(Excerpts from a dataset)

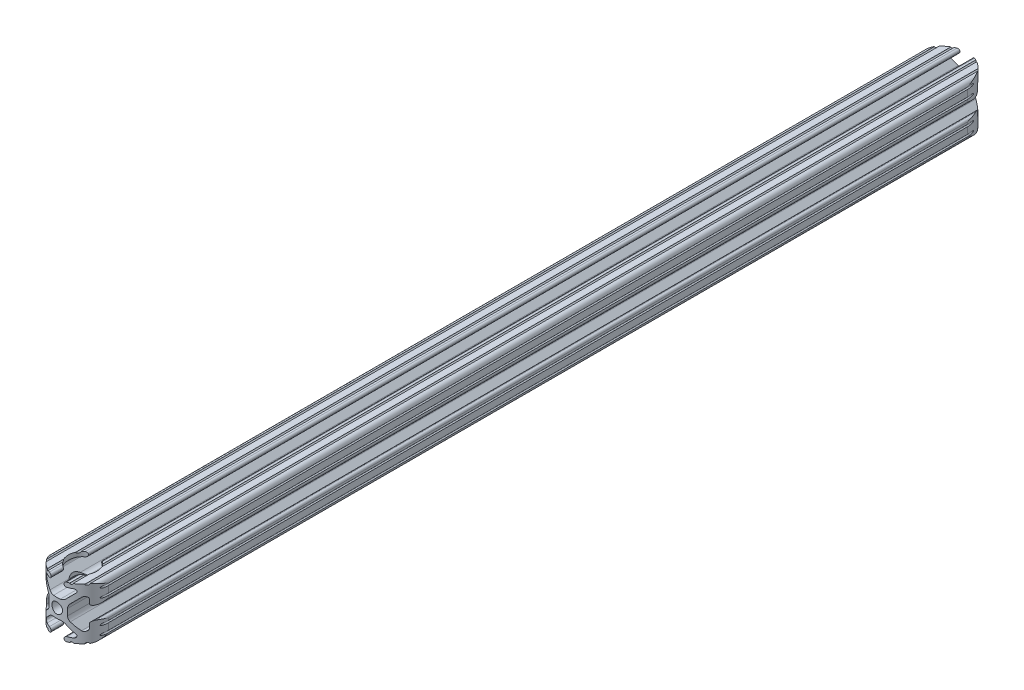
SolidWorks part; units mm, degrees
material "6063-T6"
ref_plane "Front Plane" through (0, 0, 0) normal (0, 0, 1) x (1, 0, 0)
ref_plane "Top Plane" through (0, 0, 0) normal (0, 1, 0) x (1, 0, 0)
ref_plane "Right Plane" through (0, 0, 0) normal (1, 0, 0) x (0, 0, -1)
sketch "Sketch1" plane through (0, 0, 0) normal (0, 0, 1) x (1, 0, 0)
  line L88 (-7.1797, -8.6452) -> (-3.9523, -5.4237)
  line L89 (-1.7093, -4.4958) -> (1.7093, -4.4958)
  line L90 (3.9523, -5.4237) -> (7.1797, -8.6452)
  line L91 (6.4164, -10.4902) -> (4.2875, -10.4902)
  line L92 (3.2385, -11.5392) -> (3.2385, -11.651)
  line L93 (4.2875, -12.7) -> (5.3171, -12.7)
  line L94 (6.3331, -12.7) -> (9.5504, -12.7)
  line L95 (12.7, -9.5504) -> (12.7, -6.3331)
  line L96 (12.7, -5.3171) -> (12.7, -4.2875)
  line L97 (11.651, -3.2385) -> (11.5392, -3.2385)
  line L98 (10.4902, -4.2875) -> (10.4902, -6.4021)
  line L99 (8.7371, -7.1294) -> (5.441, -3.8408)
  line L100 (4.5085, -1.5932) -> (4.5085, 1.5932)
  line L101 (5.441, 3.8408) -> (8.7371, 7.1294)
  line L102 (10.4902, 6.4021) -> (10.4902, 4.2875)
  line L103 (11.5392, 3.2385) -> (11.651, 3.2385)
  line L104 (12.7, 4.2875) -> (12.7, 5.3171)
  line L105 (12.7, 6.3331) -> (12.7, 9.5504)
  line L106 (9.5504, 12.7) -> (6.3331, 12.7)
  line L107 (5.3171, 12.7) -> (4.2875, 12.7)
  line L108 (3.2385, 11.651) -> (3.2385, 11.5392)
  line L109 (4.2875, 10.4902) -> (6.4768, 10.4902)
  line L110 (7.207, 8.7244) -> (3.8983, 5.4232)
  line L111 (1.6558, 4.4958) -> (-1.6558, 4.4958)
  line L112 (-3.8983, 5.4232) -> (-7.207, 8.7244)
  line L113 (-6.4768, 10.4902) -> (-4.2875, 10.4902)
  line L114 (-3.2385, 11.5392) -> (-3.2385, 11.651)
  line L115 (-4.2875, 12.7) -> (-5.3171, 12.7)
  line L116 (-6.3331, 12.7) -> (-9.5504, 12.7)
  line L117 (-12.7, 9.5504) -> (-12.7, 6.3331)
  line L118 (-12.7, 5.3171) -> (-12.7, 4.2875)
  line L119 (-11.651, 3.2385) -> (-11.5392, 3.2385)
  line L120 (-10.4902, 4.2875) -> (-10.4902, 6.4021)
  line L121 (-8.7371, 7.1294) -> (-5.441, 3.8408)
  line L122 (-4.5085, 1.5932) -> (-4.5085, -1.5932)
  line L123 (-5.441, -3.8408) -> (-8.7371, -7.1294)
  line L124 (-10.4902, -6.4021) -> (-10.4902, -4.2875)
  line L125 (-11.5392, -3.2385) -> (-11.651, -3.2385)
  line L126 (-12.7, -4.2875) -> (-12.7, -5.3171)
  line L127 (-12.7, -6.3331) -> (-12.7, -9.5504)
  line L128 (-9.5504, -12.7) -> (-6.3331, -12.7)
  line L129 (-5.3171, -12.7) -> (-4.2875, -12.7)
  line L130 (-3.2385, -11.651) -> (-3.2385, -11.5392)
  line L131 (-4.2875, -10.4902) -> (-6.4164, -10.4902)
  circle A1 centre (0, 0) radius 2.6035
  arc A104 (-7.1797, -8.6452) -> (-6.4164, -10.4902) centre (-6.4164, -9.4098) ccw
  arc A105 (-1.7093, -4.4958) -> (-3.9523, -5.4237) centre (-1.7093, -7.6708) ccw
  arc A106 (3.9523, -5.4237) -> (1.7093, -4.4958) centre (1.7093, -7.6708) ccw
  arc A107 (6.4164, -10.4902) -> (7.1797, -8.6452) centre (6.4164, -9.4098) ccw
  arc A108 (4.2875, -10.4902) -> (3.2385, -11.5392) centre (4.2875, -11.5392) ccw
  arc A109 (3.2385, -11.651) -> (4.2875, -12.7) centre (4.2875, -11.651) ccw
  arc A110 (6.3331, -12.7) -> (5.3171, -12.7) centre (5.8251, -12.7) ccw
  arc A111 (10.5664, -12.6998) -> (9.5504, -12.7) centre (10.0584, -12.7) ccw
  arc A112 (10.5664, -12.6998) -> (12.6998, -10.5664) centre (10.5918, -10.5918) ccw
  arc A113 (12.7, -9.5504) -> (12.6998, -10.5664) centre (12.7, -10.0584) ccw
  arc A114 (12.7, -5.3171) -> (12.7, -6.3331) centre (12.7, -5.8251) ccw
  arc A115 (12.7, -4.2875) -> (11.651, -3.2385) centre (11.651, -4.2875) ccw
  arc A116 (11.5392, -3.2385) -> (10.4902, -4.2875) centre (11.5392, -4.2875) ccw
  arc A117 (8.7371, -7.1294) -> (10.4902, -6.4021) centre (9.4628, -6.4021) ccw
  arc A118 (4.5085, -1.5932) -> (5.441, -3.8408) centre (7.6835, -1.5932) ccw
  arc A119 (5.441, 3.8408) -> (4.5085, 1.5932) centre (7.6835, 1.5932) ccw
  arc A120 (10.4902, 6.4021) -> (8.7371, 7.1294) centre (9.4628, 6.4021) ccw
  arc A121 (10.4902, 4.2875) -> (11.5392, 3.2385) centre (11.5392, 4.2875) ccw
  arc A122 (11.651, 3.2385) -> (12.7, 4.2875) centre (11.651, 4.2875) ccw
  arc A123 (12.7, 6.3331) -> (12.7, 5.3171) centre (12.7, 5.8251) ccw
  arc A124 (12.6998, 10.5664) -> (12.7, 9.5504) centre (12.7, 10.0584) ccw
  arc A125 (12.6998, 10.5664) -> (10.5664, 12.6998) centre (10.5918, 10.5918) ccw
  arc A126 (9.5504, 12.7) -> (10.5664, 12.6998) centre (10.0584, 12.7) ccw
  arc A127 (5.3171, 12.7) -> (6.3331, 12.7) centre (5.8251, 12.7) ccw
  arc A128 (4.2875, 12.7) -> (3.2385, 11.651) centre (4.2875, 11.651) ccw
  arc A129 (3.2385, 11.5392) -> (4.2875, 10.4902) centre (4.2875, 11.5392) ccw
  arc A130 (7.207, 8.7244) -> (6.4768, 10.4902) centre (6.4768, 9.4563) ccw
  arc A131 (1.6558, 4.4958) -> (3.8983, 5.4232) centre (1.6558, 7.6708) ccw
  arc A132 (-3.8983, 5.4232) -> (-1.6558, 4.4958) centre (-1.6558, 7.6708) ccw
  arc A133 (-6.4768, 10.4902) -> (-7.207, 8.7244) centre (-6.4768, 9.4563) ccw
  arc A134 (-4.2875, 10.4902) -> (-3.2385, 11.5392) centre (-4.2875, 11.5392) ccw
  arc A135 (-3.2385, 11.651) -> (-4.2875, 12.7) centre (-4.2875, 11.651) ccw
  arc A136 (-6.3331, 12.7) -> (-5.3171, 12.7) centre (-5.8251, 12.7) ccw
  arc A137 (-10.5664, 12.6998) -> (-9.5504, 12.7) centre (-10.0584, 12.7) ccw
  arc A138 (-10.5664, 12.6998) -> (-12.6998, 10.5664) centre (-10.5918, 10.5918) ccw
  arc A139 (-12.7, 9.5504) -> (-12.6998, 10.5664) centre (-12.7, 10.0584) ccw
  arc A140 (-12.7, 5.3171) -> (-12.7, 6.3331) centre (-12.7, 5.8251) ccw
  arc A141 (-12.7, 4.2875) -> (-11.651, 3.2385) centre (-11.651, 4.2875) ccw
  arc A142 (-11.5392, 3.2385) -> (-10.4902, 4.2875) centre (-11.5392, 4.2875) ccw
  arc A143 (-8.7371, 7.1294) -> (-10.4902, 6.4021) centre (-9.4628, 6.4021) ccw
  arc A144 (-4.5085, 1.5932) -> (-5.441, 3.8408) centre (-7.6835, 1.5932) ccw
  arc A145 (-5.441, -3.8408) -> (-4.5085, -1.5932) centre (-7.6835, -1.5932) ccw
  arc A146 (-10.4902, -6.4021) -> (-8.7371, -7.1294) centre (-9.4628, -6.4021) ccw
  arc A147 (-10.4902, -4.2875) -> (-11.5392, -3.2385) centre (-11.5392, -4.2875) ccw
  arc A148 (-11.651, -3.2385) -> (-12.7, -4.2875) centre (-11.651, -4.2875) ccw
  arc A149 (-12.7, -6.3331) -> (-12.7, -5.3171) centre (-12.7, -5.8251) ccw
  arc A150 (-12.6998, -10.5664) -> (-12.7, -9.5504) centre (-12.7, -10.0584) ccw
  arc A151 (-12.6998, -10.5664) -> (-10.5664, -12.6998) centre (-10.5918, -10.5918) ccw
  arc A152 (-9.5504, -12.7) -> (-10.5664, -12.6998) centre (-10.0584, -12.7) ccw
  arc A153 (-5.3171, -12.7) -> (-6.3331, -12.7) centre (-5.8251, -12.7) ccw
  arc A154 (-4.2875, -12.7) -> (-3.2385, -11.651) centre (-4.2875, -11.651) ccw
  arc A155 (-3.2385, -11.5392) -> (-4.2875, -10.4902) centre (-4.2875, -11.5392) ccw
extrude "Boss-Extrude1" add sketch "Sketch1" along normal mid plane 447.675
sketch "Sketch2" plane through (0, 12.7, 0) normal (0, 1, 0) x (1, 0, 0)
  line L0 (0, 223.8375) -> (0, -223.8375) construction
  line L1 (-12.7, 223.8375) -> (12.7, 223.8375)
  line L2 (-12.7, 223.8375) -> (-12.7, -223.8375)
  line L3 (-12.7, -223.8375) -> (12.7, -223.8375)
  line L4 (12.7, 223.8375) -> (12.7, -223.8375)
  circle A0 centre (0, 211.1375) radius 12.7
  circle A1 centre (0, -211.1375) radius 12.7
  circle A2 centre (0, -211.1375) radius 3.175
  line M5 (-6.3331, 223.8375) -> (-9.5504, 223.8375)
  line M6 (-9.5504, 223.8375) -> (-9.5504, -223.8375)
  line M7 (-9.5504, -223.8375) -> (-6.3331, -223.8375)
  line M8 (-6.3331, -223.8375) -> (-6.3331, 223.8375)
  dimension "D1" = 6.35
extrude "Cut-Extrude1" cut sketch "Sketch2" against normal through all both and the other way through all contours A2 L0 | L0 A2 | A1 L2 L3 M6 | A1 M6 M7 M8 | A1 L3 M8 | A1 L3 L4 | A0 L4 L1 | A0 M8 M5 M6 | A0 L1 M8 | A0 L1 L2 M6 region at (-4.7717, 12.7, -223.3363) region at (9.8632, 12.7, -221.0007) region at (-8.1865, 12.7, -222.3063) region at (-11.3727, 12.7, -220.0831) region at (9.8632, 12.7, 221.0007) region at (1.3475, 12.7, 211.1375) region at (-1.3475, 12.7, 211.1375) region at (-4.7717, 12.7, 223.3363) region at (-8.1865, 12.7, 222.3063) region at (-11.3727, 12.7, 220.0831)
sketch "Sketch3" plane through (0, 12.7, 0) normal (0, 1, 0) x (1, 0, 0)
  circle A0 centre (0, -211.1375) radius 6.35 construction
  circle A1 centre (0, -211.1375) radius 4.8006
  circle A2 centre (0, -211.1375) radius 6.985
  line M5 (6.3331, 222.1457) -> (6.3331, -222.1457)
  dimension "D1" = 12.7
  dimension "D2" = 9.6012
  dimension "D3" = 0.635
extrude "Cut-Extrude2" cut sketch "Sketch3" against normal up to vertex (8.2042 mm away) contours A1 | A0 A1 M5 | A2 M5 region at (0, 12.7, 211.1375) region at (6.5949, 12.7, 211.1375) region at (6.1401, 12.7, 211.1375) up to point (-7.207, 8.7244, 221.5945)
extrude "Cut-Extrude4" cut sketch "Sketch3<3>" along normal blind 3.9756 from surface contours A1 | A0 A1 M5 | A2 M5 region at (0, 12.7, 211.1375) region at (6.5949, 12.7, 211.1375) region at (6.1401, 12.7, 211.1375) starting at face at (7.9961, -12.7, 0)
sketch "Sketch3<3>" plane through (0, 12.7, 0) normal (0, 1, 0) x (1, 0, 0) same geometry as "Sketch3"
extrude "Cut-Extrude5" cut sketch "Sketch3<5>" against normal up to surface (8.2042 mm away) contours A1 region at (0, 12.7, 211.1375) up to face at (0, 4.4958, 218.9314)
sketch "Sketch3<5>" plane through (0, 12.7, 0) normal (0, 1, 0) x (1, 0, 0) same geometry as "Sketch3"
extrude "Cut-Extrude6" cut sketch "Sketch3<6>" along normal up to surface (8.2042 mm away) from surface contours A1 region at (0, 12.7, 211.1375) up to face at (0, -4.4958, 218.9213) starting at face at (7.5504, -12.7, 70.3792)
sketch "Sketch3<6>" plane through (0, 12.7, 0) normal (0, 1, 0) x (1, 0, 0) same geometry as "Sketch3"

## WHAT THIS TASK INVOLVES
Output only an exact transcription of the lines above from the one with "arc A120 (10.4902, 6.4021)" up to and including the one with "arc A134 (-4.2875, 10.4902)".

## ANSWER SECTION
  arc A120 (10.4902, 6.4021) -> (8.7371, 7.1294) centre (9.4628, 6.4021) ccw
  arc A121 (10.4902, 4.2875) -> (11.5392, 3.2385) centre (11.5392, 4.2875) ccw
  arc A122 (11.651, 3.2385) -> (12.7, 4.2875) centre (11.651, 4.2875) ccw
  arc A123 (12.7, 6.3331) -> (12.7, 5.3171) centre (12.7, 5.8251) ccw
  arc A124 (12.6998, 10.5664) -> (12.7, 9.5504) centre (12.7, 10.0584) ccw
  arc A125 (12.6998, 10.5664) -> (10.5664, 12.6998) centre (10.5918, 10.5918) ccw
  arc A126 (9.5504, 12.7) -> (10.5664, 12.6998) centre (10.0584, 12.7) ccw
  arc A127 (5.3171, 12.7) -> (6.3331, 12.7) centre (5.8251, 12.7) ccw
  arc A128 (4.2875, 12.7) -> (3.2385, 11.651) centre (4.2875, 11.651) ccw
  arc A129 (3.2385, 11.5392) -> (4.2875, 10.4902) centre (4.2875, 11.5392) ccw
  arc A130 (7.207, 8.7244) -> (6.4768, 10.4902) centre (6.4768, 9.4563) ccw
  arc A131 (1.6558, 4.4958) -> (3.8983, 5.4232) centre (1.6558, 7.6708) ccw
  arc A132 (-3.8983, 5.4232) -> (-1.6558, 4.4958) centre (-1.6558, 7.6708) ccw
  arc A133 (-6.4768, 10.4902) -> (-7.207, 8.7244) centre (-6.4768, 9.4563) ccw
  arc A134 (-4.2875, 10.4902) -> (-3.2385, 11.5392) centre (-4.2875, 11.5392) ccw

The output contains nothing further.